For some years ago I indeed played with this thought but at that time I did not have in mind reduction of number theory to the arithemetics of Hilbert spaces. If this really makes sense, numbers could be replaced by Hilbert spaces with product and sum identified as tensor product and direct sum!

Finite-dimensional Hilbert space represent the analogs of natural numbers. The analogs of integers could be defined as pairs (m,n) of Hilbert spaces with spaces (m,n) and (m+r,n+r) identified (this space would have dimension m-n. This identification would hold true also at the level of states. Hilbert spaces with negative dimension would correspond to pairs with (m-n)<0: the canonical representives for m and -m would be (m,0) and (0,m).

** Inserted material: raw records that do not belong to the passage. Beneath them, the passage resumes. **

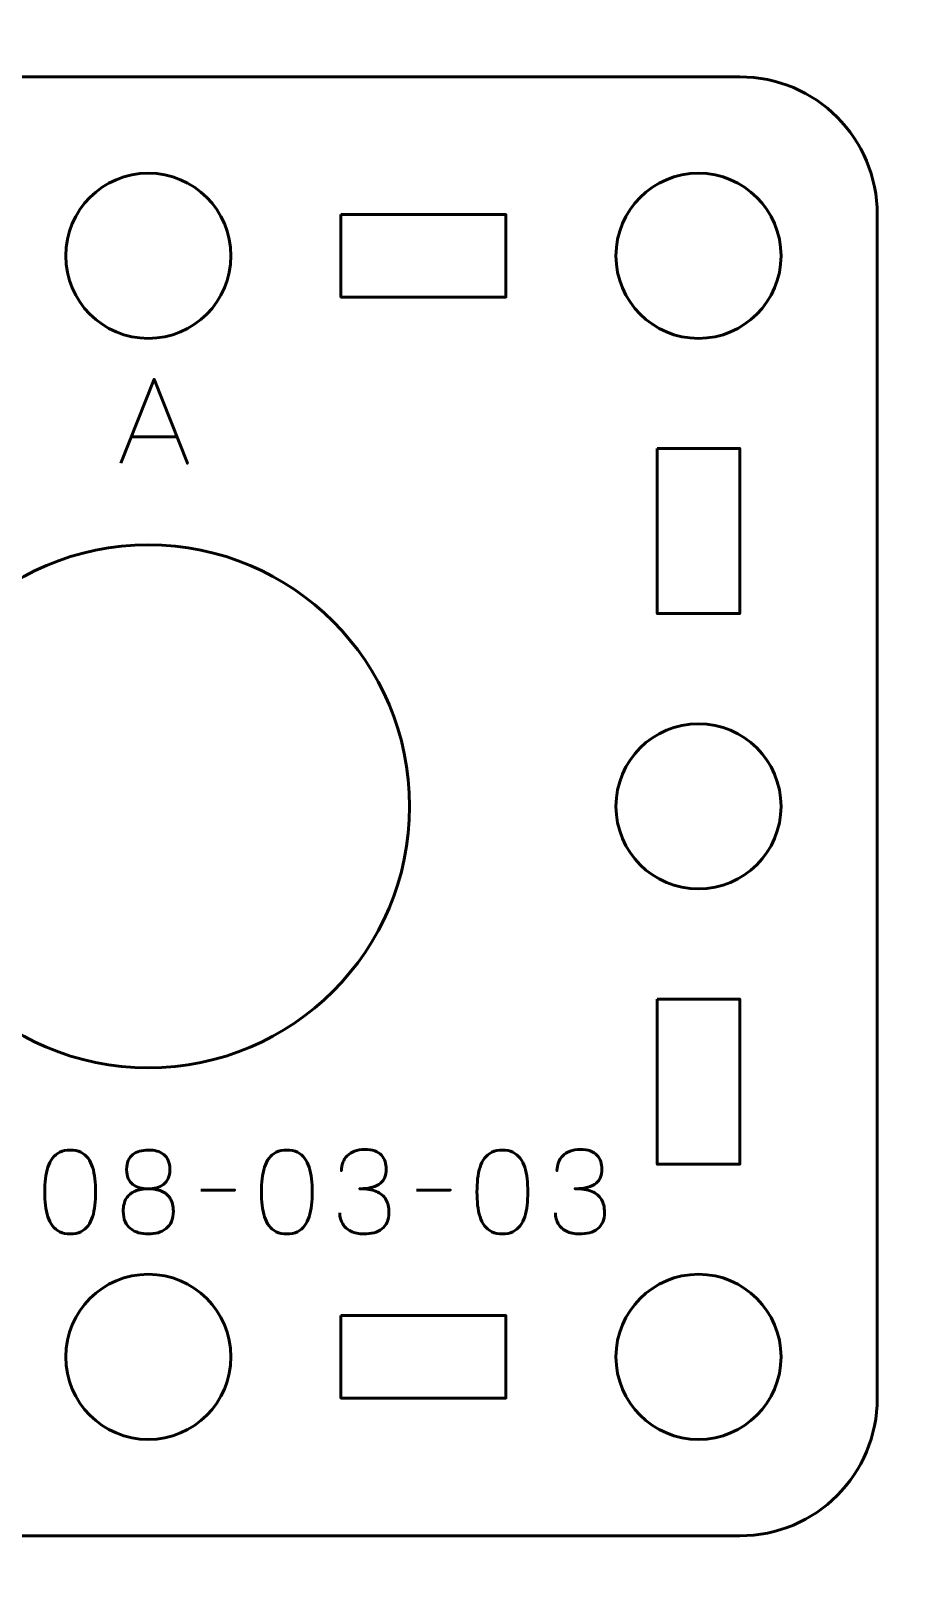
# Model space of a CAD drawing. Header units: centimetres. Extents: x -17.9 to -3.1, y -25.3 to -4.3.
# Drawn here: x -15.18 to -11.95, y -17.65 to -12.03 of the extents above; entities that cross this region are included whole.
import ezdxf

# ---------------------------------------------------------------- set-up
doc = ezdxf.new("R2010")
doc.units = ezdxf.units.CM
doc.header["$MEASUREMENT"] = 0
doc.layers.add('Layer 1', color=7, linetype='Continuous')

msp = doc.modelspace()

# ---------------------------------------------------------------- linework, layer by layer
at = {"layer": 'Layer 1', "color": 22, "lineweight": 53}
msp.add_open_spline([(-17.90003, -24.8499), (-17.90003, -24.8499), (-17.90003, -4.84994), (-17.90003, -4.84994), (-17.90003, -4.84994), (-17.90003, -4.57297), (-17.67694, -4.34998), (-17.39994, -4.34998), (-17.39994, -4.34998), (-17.39994, -4.34998), (-3.60007, -4.34998), (-3.60007, -4.34998), (-3.60007, -4.34998), (-3.32293, -4.34998), (-3.09997, -4.57297), (-3.09997, -4.84994), (-3.09997, -4.84994), (-3.09997, -4.84994), (-3.09997, -24.8499), (-3.09997, -24.8499), (-3.09997, -24.8499), (-3.09997, -25.1269), (-3.32293, -25.34999), (-3.60007, -25.34999), (-3.60007, -25.34999), (-3.60007, -25.34999), (-17.39994, -25.34999), (-17.39994, -25.34999), (-17.39994, -25.34999), (-17.67694, -25.34999), (-17.90003, -25.1269), (-17.90003, -24.8499)], degree=3, knots=[0, 0, 0, 0, 0.125, 0.125, 0.125, 0.125, 0.25, 0.25, 0.25, 0.25, 0.375, 0.375, 0.375, 0.375, 0.5, 0.5, 0.5, 0.5, 0.625, 0.625, 0.625, 0.625, 0.75, 0.75, 0.75, 0.75, 0.875, 0.875, 0.875, 0.875, 1, 1, 1, 1], dxfattribs=at)
at = {"layer": 'Layer 1', "color": 2, "lineweight": 53}
msp.add_open_spline([(-16.89993, -12.19997), (-16.89993, -12.19997), (-12.60006, -12.19997), (-12.60006, -12.19997), (-12.60006, -12.19997), (-12.32292, -12.19997), (-12.09996, -12.42306), (-12.09996, -12.70006), (-12.09996, -12.70006), (-12.09996, -12.70006), (-12.09996, -16.99993), (-12.09996, -16.99993), (-12.09996, -16.99993), (-12.09996, -17.27707), (-12.32292, -17.50003), (-12.60006, -17.50003), (-12.60006, -17.50003), (-12.60006, -17.50003), (-16.89993, -17.50003), (-16.89993, -17.50003), (-16.89993, -17.50003), (-17.17693, -17.50003), (-17.40002, -17.27707), (-17.40002, -16.99993), (-17.40002, -16.99993), (-17.40002, -16.99993), (-17.40002, -12.70006), (-17.40002, -12.70006), (-17.40002, -12.70006), (-17.40002, -12.42306), (-17.17693, -12.19997), (-16.89993, -12.19997)], degree=3, knots=[0, 0, 0, 0, 0.125, 0.125, 0.125, 0.125, 0.25, 0.25, 0.25, 0.25, 0.375, 0.375, 0.375, 0.375, 0.5, 0.5, 0.5, 0.5, 0.625, 0.625, 0.625, 0.625, 0.75, 0.75, 0.75, 0.75, 0.875, 0.875, 0.875, 0.875, 1, 1, 1, 1], dxfattribs=at)
at = {"layer": 'Layer 1', "lineweight": 53}
for points in [[(-14.44992, -12.85), (-14.44992, -13.01577), (-14.58429, -13.15), (-14.74992, -13.15), (-14.74992, -13.15), (-14.91569, -13.15), (-15.04992, -13.01577), (-15.04992, -12.85), (-15.04992, -12.85), (-15.04992, -12.68433), (-14.91569, -12.54999), (-14.74992, -12.54999), (-14.74992, -12.54999), (-14.58429, -12.54999), (-14.44992, -12.68433), (-14.44992, -12.85)], [(-12.44999, -12.85), (-12.44999, -13.01577), (-12.58432, -13.15), (-12.74999, -13.15), (-12.74999, -13.15), (-12.91562, -13.15), (-13.04999, -13.01577), (-13.04999, -12.85), (-13.04999, -12.85), (-13.04999, -12.68433), (-12.91562, -12.54999), (-12.74999, -12.54999), (-12.74999, -12.54999), (-12.58432, -12.54999), (-12.44999, -12.68433), (-12.44999, -12.85)], [(-14.05001, -12.70006), (-14.05001, -12.70006), (-13.45001, -12.70006), (-13.45001, -12.70006), (-13.45001, -12.70006), (-13.45001, -12.70006), (-13.45001, -13.00007), (-13.45001, -13.00007), (-13.45001, -13.00007), (-13.45001, -13.00007), (-14.05001, -13.00007), (-14.05001, -13.00007), (-14.05001, -13.00007), (-14.05001, -13.00007), (-14.05001, -12.70006), (-14.05001, -12.70006)], [(-12.90006, -13.55001), (-12.90006, -13.55001), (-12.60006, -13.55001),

Rationals can be defined as pairs (m,n) of Hilbert spaces with pairs (m,n) and (km,kn) identified. These identifications would give rise to kind of gauge conditions and canonical representatives for m and 1/m are (m,1) and (1,m).

What about Hilbert spaces for which the dimension is algebraic number? Algebraic numbers allow a description in terms of partial fractions and Stern-Brocot (S-B) tree (see this and this) containing given rational number once. S-B tree allows to see information about algebraic numbers as constructible by using an algorithm with finite number of steps, which is allowed if one accepts abstraction as basic aspect of cognition. Algebraic number could be seen as a periodic partial fraction defining an infinite path in S-B tree. Each node along this path would correspond to a rational having Hilbert space analog. Hilbert space with algebraic dimension would correspond to this kind of path in the space of Hilbert spaces with rational dimension. Transcendentals allow identification as non-pediodic partial fraction and could correspond to non-periodic paths so that also they could have Hilbert spaces counterparts.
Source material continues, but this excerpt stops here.